Could you find every line in the records below that contains the word "Tratamiento" and copy it?

----

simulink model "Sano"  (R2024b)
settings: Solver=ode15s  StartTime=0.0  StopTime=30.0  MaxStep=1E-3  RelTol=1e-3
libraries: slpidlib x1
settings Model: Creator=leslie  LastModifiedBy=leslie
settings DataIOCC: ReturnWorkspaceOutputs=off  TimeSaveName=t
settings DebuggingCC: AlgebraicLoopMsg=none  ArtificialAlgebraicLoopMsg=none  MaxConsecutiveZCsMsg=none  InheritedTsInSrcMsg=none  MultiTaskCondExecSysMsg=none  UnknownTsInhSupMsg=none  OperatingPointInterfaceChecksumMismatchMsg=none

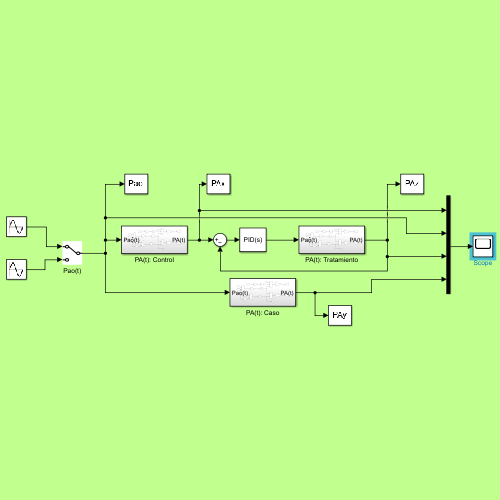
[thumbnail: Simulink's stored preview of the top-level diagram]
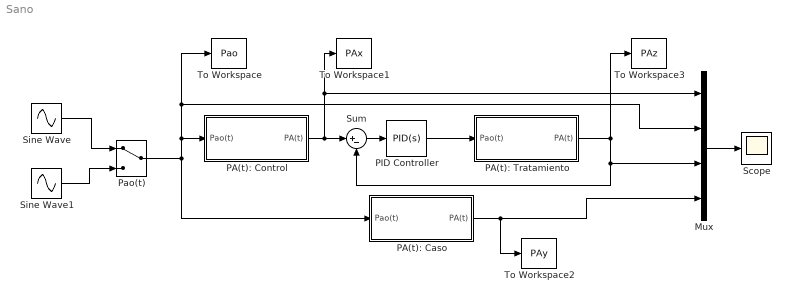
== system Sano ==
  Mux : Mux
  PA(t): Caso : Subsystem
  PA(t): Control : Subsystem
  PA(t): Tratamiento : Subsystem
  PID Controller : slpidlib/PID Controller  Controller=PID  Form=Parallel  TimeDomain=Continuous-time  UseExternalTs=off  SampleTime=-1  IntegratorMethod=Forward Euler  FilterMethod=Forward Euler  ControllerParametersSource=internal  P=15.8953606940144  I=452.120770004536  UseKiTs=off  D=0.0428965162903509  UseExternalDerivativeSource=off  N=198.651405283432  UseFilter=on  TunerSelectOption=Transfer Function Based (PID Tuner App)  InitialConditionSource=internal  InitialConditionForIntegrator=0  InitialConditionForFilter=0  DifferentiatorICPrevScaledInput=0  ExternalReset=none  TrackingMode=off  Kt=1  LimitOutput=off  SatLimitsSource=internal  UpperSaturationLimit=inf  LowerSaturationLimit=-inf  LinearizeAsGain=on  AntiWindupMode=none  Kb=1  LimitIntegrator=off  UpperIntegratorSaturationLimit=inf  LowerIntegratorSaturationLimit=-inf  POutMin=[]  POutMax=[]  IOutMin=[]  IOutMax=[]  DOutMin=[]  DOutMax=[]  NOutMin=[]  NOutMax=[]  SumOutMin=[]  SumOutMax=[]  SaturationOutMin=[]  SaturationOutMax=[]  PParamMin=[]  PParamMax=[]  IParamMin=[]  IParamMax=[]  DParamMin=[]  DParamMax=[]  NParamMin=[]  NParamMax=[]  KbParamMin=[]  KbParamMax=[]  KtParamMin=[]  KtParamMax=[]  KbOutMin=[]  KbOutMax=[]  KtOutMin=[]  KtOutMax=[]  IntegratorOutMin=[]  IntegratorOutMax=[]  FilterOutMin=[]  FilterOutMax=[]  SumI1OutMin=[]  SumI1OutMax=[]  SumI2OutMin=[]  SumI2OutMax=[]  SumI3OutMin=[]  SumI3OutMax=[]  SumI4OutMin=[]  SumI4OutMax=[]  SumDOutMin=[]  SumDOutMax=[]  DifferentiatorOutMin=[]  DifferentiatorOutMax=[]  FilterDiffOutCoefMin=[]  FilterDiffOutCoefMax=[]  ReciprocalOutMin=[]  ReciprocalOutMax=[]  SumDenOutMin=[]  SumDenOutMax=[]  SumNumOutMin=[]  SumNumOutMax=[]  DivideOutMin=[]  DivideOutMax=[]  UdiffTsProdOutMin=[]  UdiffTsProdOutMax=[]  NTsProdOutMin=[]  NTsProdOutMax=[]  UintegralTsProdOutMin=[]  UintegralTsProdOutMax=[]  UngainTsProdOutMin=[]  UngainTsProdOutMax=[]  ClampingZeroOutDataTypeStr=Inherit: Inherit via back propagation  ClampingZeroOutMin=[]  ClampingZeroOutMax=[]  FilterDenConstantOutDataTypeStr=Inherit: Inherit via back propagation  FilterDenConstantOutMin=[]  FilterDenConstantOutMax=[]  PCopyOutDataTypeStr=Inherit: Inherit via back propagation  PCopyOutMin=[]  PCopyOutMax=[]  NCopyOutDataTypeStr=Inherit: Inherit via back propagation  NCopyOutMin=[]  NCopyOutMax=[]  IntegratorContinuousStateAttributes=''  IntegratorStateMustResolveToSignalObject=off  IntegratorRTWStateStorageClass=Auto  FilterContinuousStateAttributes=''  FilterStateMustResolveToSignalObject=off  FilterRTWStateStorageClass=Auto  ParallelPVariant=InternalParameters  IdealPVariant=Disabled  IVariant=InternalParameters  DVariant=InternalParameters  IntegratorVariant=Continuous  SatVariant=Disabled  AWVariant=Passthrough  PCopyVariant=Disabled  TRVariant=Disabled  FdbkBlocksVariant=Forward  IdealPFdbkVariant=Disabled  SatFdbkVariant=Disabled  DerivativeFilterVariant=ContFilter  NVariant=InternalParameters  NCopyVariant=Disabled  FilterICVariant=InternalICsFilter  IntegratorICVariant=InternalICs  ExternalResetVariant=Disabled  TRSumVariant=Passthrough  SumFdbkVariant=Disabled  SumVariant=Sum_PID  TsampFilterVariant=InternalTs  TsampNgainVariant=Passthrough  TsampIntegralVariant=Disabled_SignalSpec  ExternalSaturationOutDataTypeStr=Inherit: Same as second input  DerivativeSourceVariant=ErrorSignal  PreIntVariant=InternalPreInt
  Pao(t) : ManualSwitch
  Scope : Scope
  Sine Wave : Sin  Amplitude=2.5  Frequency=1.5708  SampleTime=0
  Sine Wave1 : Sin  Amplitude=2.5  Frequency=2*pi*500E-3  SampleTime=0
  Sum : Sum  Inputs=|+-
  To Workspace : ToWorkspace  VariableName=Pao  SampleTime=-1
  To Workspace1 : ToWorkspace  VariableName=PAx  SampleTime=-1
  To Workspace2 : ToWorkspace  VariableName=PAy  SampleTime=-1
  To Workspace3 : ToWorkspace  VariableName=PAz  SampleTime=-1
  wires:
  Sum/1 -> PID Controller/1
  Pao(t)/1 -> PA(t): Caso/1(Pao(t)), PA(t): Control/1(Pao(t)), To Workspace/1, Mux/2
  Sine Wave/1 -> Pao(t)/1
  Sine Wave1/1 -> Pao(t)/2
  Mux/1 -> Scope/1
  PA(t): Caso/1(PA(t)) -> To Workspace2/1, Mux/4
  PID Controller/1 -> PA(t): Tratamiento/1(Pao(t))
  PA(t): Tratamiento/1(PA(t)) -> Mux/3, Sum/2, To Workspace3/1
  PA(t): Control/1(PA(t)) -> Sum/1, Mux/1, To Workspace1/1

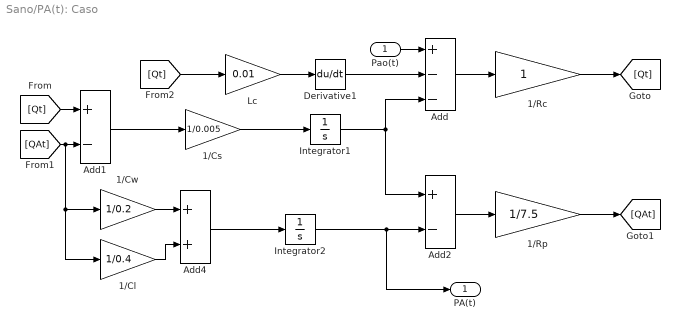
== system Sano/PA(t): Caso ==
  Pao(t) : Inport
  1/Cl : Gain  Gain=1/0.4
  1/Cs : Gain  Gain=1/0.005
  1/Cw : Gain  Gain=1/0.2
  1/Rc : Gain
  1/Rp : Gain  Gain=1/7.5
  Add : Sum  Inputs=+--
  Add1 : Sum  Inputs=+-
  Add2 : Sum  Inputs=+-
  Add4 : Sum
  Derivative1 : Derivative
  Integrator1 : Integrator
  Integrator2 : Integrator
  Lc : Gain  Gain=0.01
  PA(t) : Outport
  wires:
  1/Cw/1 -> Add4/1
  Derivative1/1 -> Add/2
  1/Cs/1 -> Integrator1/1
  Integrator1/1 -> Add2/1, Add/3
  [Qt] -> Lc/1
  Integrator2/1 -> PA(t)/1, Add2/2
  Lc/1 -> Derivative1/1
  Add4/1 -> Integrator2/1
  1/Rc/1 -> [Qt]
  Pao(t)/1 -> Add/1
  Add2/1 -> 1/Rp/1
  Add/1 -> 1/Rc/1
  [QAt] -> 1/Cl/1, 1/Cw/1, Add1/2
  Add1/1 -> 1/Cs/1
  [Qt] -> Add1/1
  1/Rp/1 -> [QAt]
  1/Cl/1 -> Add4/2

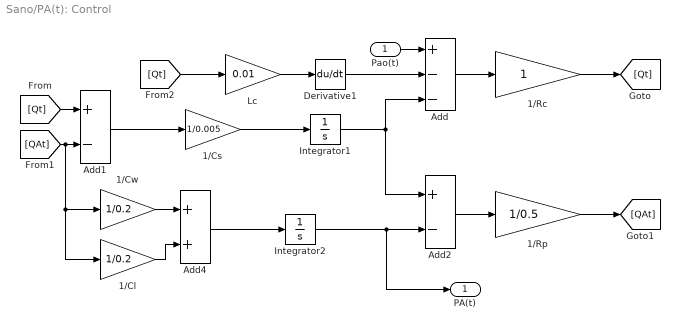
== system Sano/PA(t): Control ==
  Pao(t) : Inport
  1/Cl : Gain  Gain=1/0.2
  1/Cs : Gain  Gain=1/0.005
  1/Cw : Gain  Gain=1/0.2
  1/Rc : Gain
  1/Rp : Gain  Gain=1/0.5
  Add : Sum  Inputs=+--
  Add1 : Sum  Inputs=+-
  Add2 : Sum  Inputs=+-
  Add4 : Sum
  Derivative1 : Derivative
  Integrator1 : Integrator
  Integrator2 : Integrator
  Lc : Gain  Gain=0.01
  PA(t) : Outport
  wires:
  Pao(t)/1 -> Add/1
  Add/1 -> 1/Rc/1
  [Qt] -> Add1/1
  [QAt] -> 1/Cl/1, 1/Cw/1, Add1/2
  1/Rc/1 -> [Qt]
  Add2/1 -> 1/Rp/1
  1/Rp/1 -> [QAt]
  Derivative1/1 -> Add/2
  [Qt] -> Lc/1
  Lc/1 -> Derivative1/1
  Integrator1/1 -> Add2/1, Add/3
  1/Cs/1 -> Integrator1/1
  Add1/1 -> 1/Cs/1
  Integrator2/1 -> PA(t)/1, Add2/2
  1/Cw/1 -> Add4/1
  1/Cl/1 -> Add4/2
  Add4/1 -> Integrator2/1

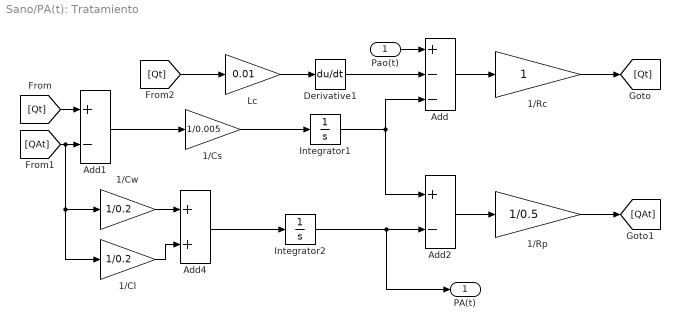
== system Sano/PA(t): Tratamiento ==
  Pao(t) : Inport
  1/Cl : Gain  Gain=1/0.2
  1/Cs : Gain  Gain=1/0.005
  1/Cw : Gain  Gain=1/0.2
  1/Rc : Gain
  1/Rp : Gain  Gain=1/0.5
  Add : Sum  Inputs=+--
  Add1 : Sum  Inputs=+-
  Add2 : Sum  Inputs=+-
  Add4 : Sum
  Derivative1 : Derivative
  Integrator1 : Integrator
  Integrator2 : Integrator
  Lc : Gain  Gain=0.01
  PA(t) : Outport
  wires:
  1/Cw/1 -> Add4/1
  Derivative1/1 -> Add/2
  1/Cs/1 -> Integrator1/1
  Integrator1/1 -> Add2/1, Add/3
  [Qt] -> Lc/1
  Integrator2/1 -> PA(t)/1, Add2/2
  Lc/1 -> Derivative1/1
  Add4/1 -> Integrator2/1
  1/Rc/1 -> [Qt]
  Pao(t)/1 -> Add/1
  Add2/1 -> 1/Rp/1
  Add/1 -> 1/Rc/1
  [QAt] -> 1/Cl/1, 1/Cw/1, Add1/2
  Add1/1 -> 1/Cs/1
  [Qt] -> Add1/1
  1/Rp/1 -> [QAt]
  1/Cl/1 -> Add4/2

----

**SOLUTION TO THIS EXERCISE**:
  PA(t): Tratamiento : Subsystem
  PID Controller/1 -> PA(t): Tratamiento/1(Pao(t))
  PA(t): Tratamiento/1(PA(t)) -> Mux/3, Sum/2, To Workspace3/1
== system Sano/PA(t): Tratamiento ==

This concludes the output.